Poll after poll shows that the overwhelming majority of Taiwanese support the status quo, i.e., de facto independence, and identify as Taiwanese, not Chinese, just as more than 75% of the ethnic Chinese in Singapore identify as Singaporeans, not Chinese.
As for U.N. Resolution 2758 of 1971, it only transferred China’s seat from Taipei to Beijing; it did not declare Taiwan part of the PRC. U.S. administrations, Republican and Democratic alike, have consistently affirmed this interpretation, most recently in August. Beijing’s distortion of the resolution is propaganda, not international law.
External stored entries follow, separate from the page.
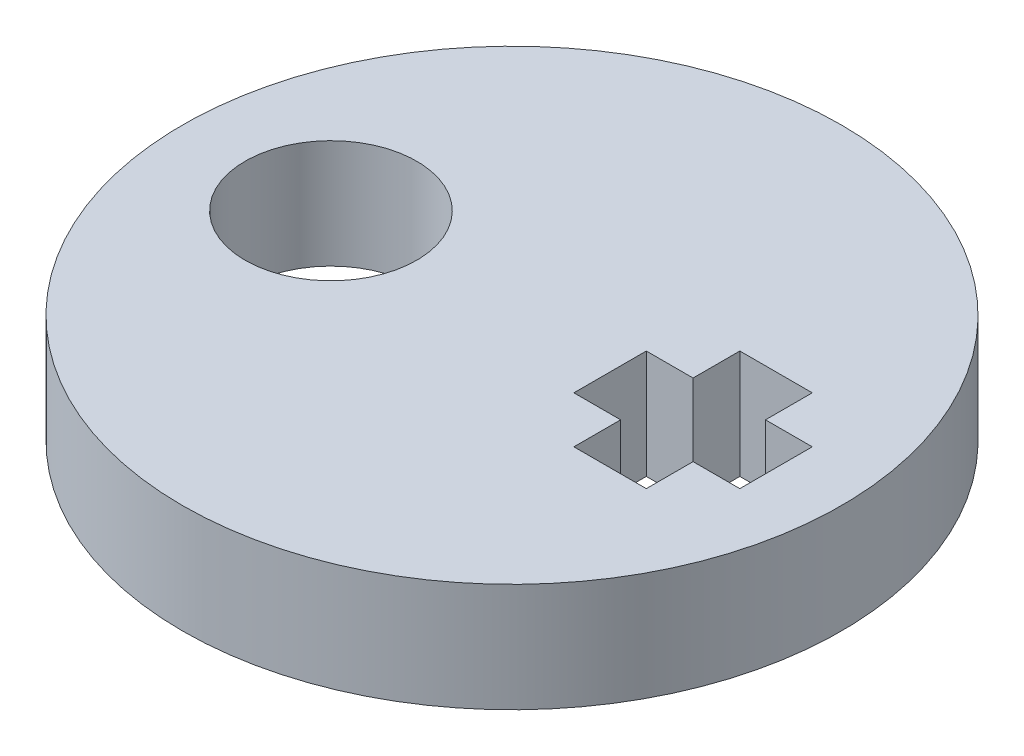
ISO-10303-21;
HEADER;
FILE_DESCRIPTION(('STEP AP214'),'2;1');
FILE_NAME('part.step','',(''),(''),'','','');
FILE_SCHEMA(('AUTOMOTIVE_DESIGN { 1 0 10303 214 1 1 1 1 }'));
ENDSEC;
DATA;
#1=APPLICATION_CONTEXT('core data for automotive mechanical design processes');
#2=APPLICATION_PROTOCOL_DEFINITION('international standard','automotive_design',2000,#1);
#3=PRODUCT_CONTEXT('',#1,'mechanical');
#4=PRODUCT('Part','Part','',(#3));
#5=PRODUCT_RELATED_PRODUCT_CATEGORY('part','',(#4));
#6=PRODUCT_DEFINITION_FORMATION('','',#4);
#7=PRODUCT_DEFINITION_CONTEXT('part definition',#1,'design');
#8=PRODUCT_DEFINITION('design','',#6,#7);
#9=PRODUCT_DEFINITION_SHAPE('','',#8);
#10=(LENGTH_UNIT() NAMED_UNIT(*) SI_UNIT(.MILLI.,.METRE.));
#11=(NAMED_UNIT(*) PLANE_ANGLE_UNIT() SI_UNIT($,.RADIAN.));
#12=(NAMED_UNIT(*) SI_UNIT($,.STERADIAN.) SOLID_ANGLE_UNIT());
#13=UNCERTAINTY_MEASURE_WITH_UNIT(LENGTH_MEASURE(1.E-05),#10,'distance_accuracy_value','');
#14=(GEOMETRIC_REPRESENTATION_CONTEXT(3) GLOBAL_UNCERTAINTY_ASSIGNED_CONTEXT((#13)) GLOBAL_UNIT_ASSIGNED_CONTEXT((#10,
#11,#12)) REPRESENTATION_CONTEXT('',''));
#15=CARTESIAN_POINT('',(0.,0.,0.));
#16=DIRECTION('',(0.,0.,1.));
#17=DIRECTION('',(1.,0.,0.));
#18=AXIS2_PLACEMENT_3D('',#15,#16,#17);
#19=CARTESIAN_POINT('',(0.,3.,0.));
#20=DIRECTION('',(0.,1.,0.));
#21=DIRECTION('',(0.,0.,1.));
#22=AXIS2_PLACEMENT_3D('',#19,#20,#21);
#23=PLANE('',#22);
#24=DIRECTION('',(-1.,0.,0.));
#25=VECTOR('',#24,1.);
#26=CARTESIAN_POINT('',(5.99999999999999,3.,-0.999999999999555));
#27=LINE('',#26,#25);
#28=CARTESIAN_POINT('',(7.29128784747793,3.,-0.999999999999554));
#29=VERTEX_POINT('',#28);
#30=CARTESIAN_POINT('',(5.99999999999999,3.,-0.999999999999555));
#31=VERTEX_POINT('',#30);
#32=EDGE_CURVE('E144',#29,#31,#27,.T.);
#33=ORIENTED_EDGE('',*,*,#32,.F.);
#34=DIRECTION('',(0.,0.,-1.));
#35=VECTOR('',#34,1.);
#36=CARTESIAN_POINT('',(7.29128784747793,3.,-0.999999999999554));
#37=LINE('',#36,#35);
#38=CARTESIAN_POINT('',(7.29128784747793,3.,1.00000000000043));
#39=VERTEX_POINT('',#38);
#40=EDGE_CURVE('E135',#39,#29,#37,.T.);
#41=ORIENTED_EDGE('',*,*,#40,.F.);
#42=DIRECTION('',(1.,0.,0.));
#43=VECTOR('',#42,1.);
#44=CARTESIAN_POINT('',(7.29128784747793,3.,1.00000000000043));
#45=LINE('',#44,#43);
#46=CARTESIAN_POINT('',(5.99999999999999,3.,1.00000000000043));
#47=VERTEX_POINT('',#46);
#48=EDGE_CURVE('E189',#47,#39,#45,.T.);
#49=ORIENTED_EDGE('',*,*,#48,.F.);
#50=DIRECTION('',(0.,0.,-1.));
#51=VECTOR('',#50,1.);
#52=CARTESIAN_POINT('',(5.99999999999999,3.,1.00000000000043));
#53=LINE('',#52,#51);
#54=CARTESIAN_POINT('',(5.99999999999999,3.,2.29128784747835));
#55=VERTEX_POINT('',#54);
#56=EDGE_CURVE('E186',#55,#47,#53,.T.);
#57=ORIENTED_EDGE('',*,*,#56,.F.);
#58=DIRECTION('',(1.,0.,1.67400815431763E-13));
#59=VECTOR('',#58,1.);
#60=CARTESIAN_POINT('',(5.99999999999999,3.,2.29128784747835));
#61=LINE('',#60,#59);
#62=CARTESIAN_POINT('',(4.00000000000001,3.,2.29128784747801));
#63=VERTEX_POINT('',#62);
#64=EDGE_CURVE('E183',#63,#55,#61,.T.);
#65=ORIENTED_EDGE('',*,*,#64,.F.);
#66=DIRECTION('',(0.,0.,1.));
#67=VECTOR('',#66,1.);
#68=CARTESIAN_POINT('',(4.00000000000001,3.,2.29128784747801));
#69=LINE('',#68,#67);
#70=CARTESIAN_POINT('',(4.00000000000001,3.,1.00000000000009));
#71=VERTEX_POINT('',#70);
#72=EDGE_CURVE('E180',#71,#63,#69,.T.);
#73=ORIENTED_EDGE('',*,*,#72,.F.);
#74=DIRECTION('',(1.,0.,0.));
#75=VECTOR('',#74,1.);
#76=CARTESIAN_POINT('',(4.00000000000001,3.,1.00000000000009));
#77=LINE('',#76,#75);
#78=CARTESIAN_POINT('',(2.70871215252208,3.,1.00000000000008));
#79=VERTEX_POINT('',#78);
#80=EDGE_CURVE('E177',#79,#71,#77,.T.);
#81=ORIENTED_EDGE('',*,*,#80,.F.);
#82=DIRECTION('',(0.,0.,1.));
#83=VECTOR('',#82,1.);
#84=CARTESIAN_POINT('',(2.70871215252208,3.,1.00000000000008));
#85=LINE('',#84,#83);
#86=CARTESIAN_POINT('',(2.70871215252208,3.,-1.00000000000008));
#87=VERTEX_POINT('',#86);
#88=EDGE_CURVE('E174',#87,#79,#85,.T.);
#89=ORIENTED_EDGE('',*,*,#88,.F.);
#90=DIRECTION('',(-1.,0.,0.));
#91=VECTOR('',#90,1.);
#92=CARTESIAN_POINT('',(2.70871215252208,3.,-1.00000000000008));
#93=LINE('',#92,#91);
#94=CARTESIAN_POINT('',(4.00000000000001,3.,-1.00000000000008));
#95=VERTEX_POINT('',#94);
#96=EDGE_CURVE('E171',#95,#87,#93,.T.);
#97=ORIENTED_EDGE('',*,*,#96,.F.);
#98=DIRECTION('',(0.,0.,1.));
#99=VECTOR('',#98,1.);
#100=CARTESIAN_POINT('',(4.00000000000001,3.,-1.00000000000008));
#101=LINE('',#100,#99);
#102=CARTESIAN_POINT('',(4.00000000000001,3.,-2.29128784747766));
#103=VERTEX_POINT('',#102);
#104=EDGE_CURVE('E168',#103,#95,#101,.T.);
#105=ORIENTED_EDGE('',*,*,#104,.F.);
#106=DIRECTION('',(-1.,0.,0.));
#107=VECTOR('',#106,1.);
#108=CARTESIAN_POINT('',(4.00000000000001,3.,-2.29128784747766));
#109=LINE('',#108,#107);
#110=CARTESIAN_POINT('',(5.99999999999999,3.,-2.29128784747766));
#111=VERTEX_POINT('',#110);
#112=EDGE_CURVE('E162',#111,#103,#109,.T.);
#113=ORIENTED_EDGE('',*,*,#112,.F.);
#114=DIRECTION('',(0.,0.,-1.));
#115=VECTOR('',#114,1.);
#116=CARTESIAN_POINT('',(5.99999999999999,3.,-2.29128784747766));
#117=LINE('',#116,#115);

Taiwan as a convenient distraction
Beijing’s obsession with Taiwan conveniently diverts domestic and international attention from the CCP’s real transgressions: its role in global fentanyl trafficking, the origins of COVID-19, systemic human rights abuses, religious persecution, and serial violations of trade and treaty obligations. By inflaming nationalist fervor over Taiwan, the CCP deflects scrutiny from its own crimes and manipulates international discourse. The “Taiwan issue” is less about sovereignty than about scapegoating.
Fear of freedom: Taiwan as the CCP’s existential threat
What terrifies the CCP is not Taiwan’s geography but its example. Taiwan’s success as a free, democratic, ethnically Chinese society demolishes Beijing’s central lie that Chinese culture is incompatible with liberty. With vibrant elections, protected property rights and the rule of law, Taiwan embodies what China could be without the party’s tyranny. The CCP’s fear is existential: A prosperous, democratic Taiwan proves that the Chinese people are fully capable of self-government.
Hence, the party’s crusade to “eliminate” Taiwan is also an effort to extinguish hope for freedom among 1.4 billion mainland Chinese.
The machinery of disinformation and its Western proxies
To reinforce its false narrative, Beijing has spent decades cultivating a sophisticated disinformation network in the West. Its proxies include business elites entangled in Chinese markets, globalist opinion-mongers and columnists who echo CCP talking points, past and incumbent federal bureaucrats with a passion for diplomatic harmony and bilateral tranquility, blame-America-first academics, university research centers funded by the CCP’s United Front Work cash and think tanks bankrolled by corporate interests. These apologists cast Taiwan as the provocateur, its elected leaders as “reckless” and the United States as the “instigator.” This ecosystem of influence, rooted in greed, ideological sympathy, self-seeking sycophancy and willful ignorance, serves the CCP’s ultimate goal: to erode Western moral clarity and normalize authoritarian aggression.
The final hoax: ‘Reunification’ as imperial restoration
The word “reunification” masks a project of imperial restoration. The CCP’s claim to Taiwan is not about restoring Chinese unity but reasserting one-party dominance over all Chinese-speaking peoples. It is the same logic that drives its repression in Xinjiang, Tibet and Hong Kong: that no alternative political model may exist within the “Chinese nation.”
“Reunification” is thus not a national project but a totalitarian one. It demands submission, not cooperation, erasure, not harmony. To call it a matter of “internal affairs” and “national reunification” is to grant legitimacy to conquest and to betray the universal principles of sovereignty and self-determination. The question before the world is not whether China and Taiwan are “one” but whether truth and tyranny can coexist.
History suggests they cannot, and that is precisely what Beijing fears most.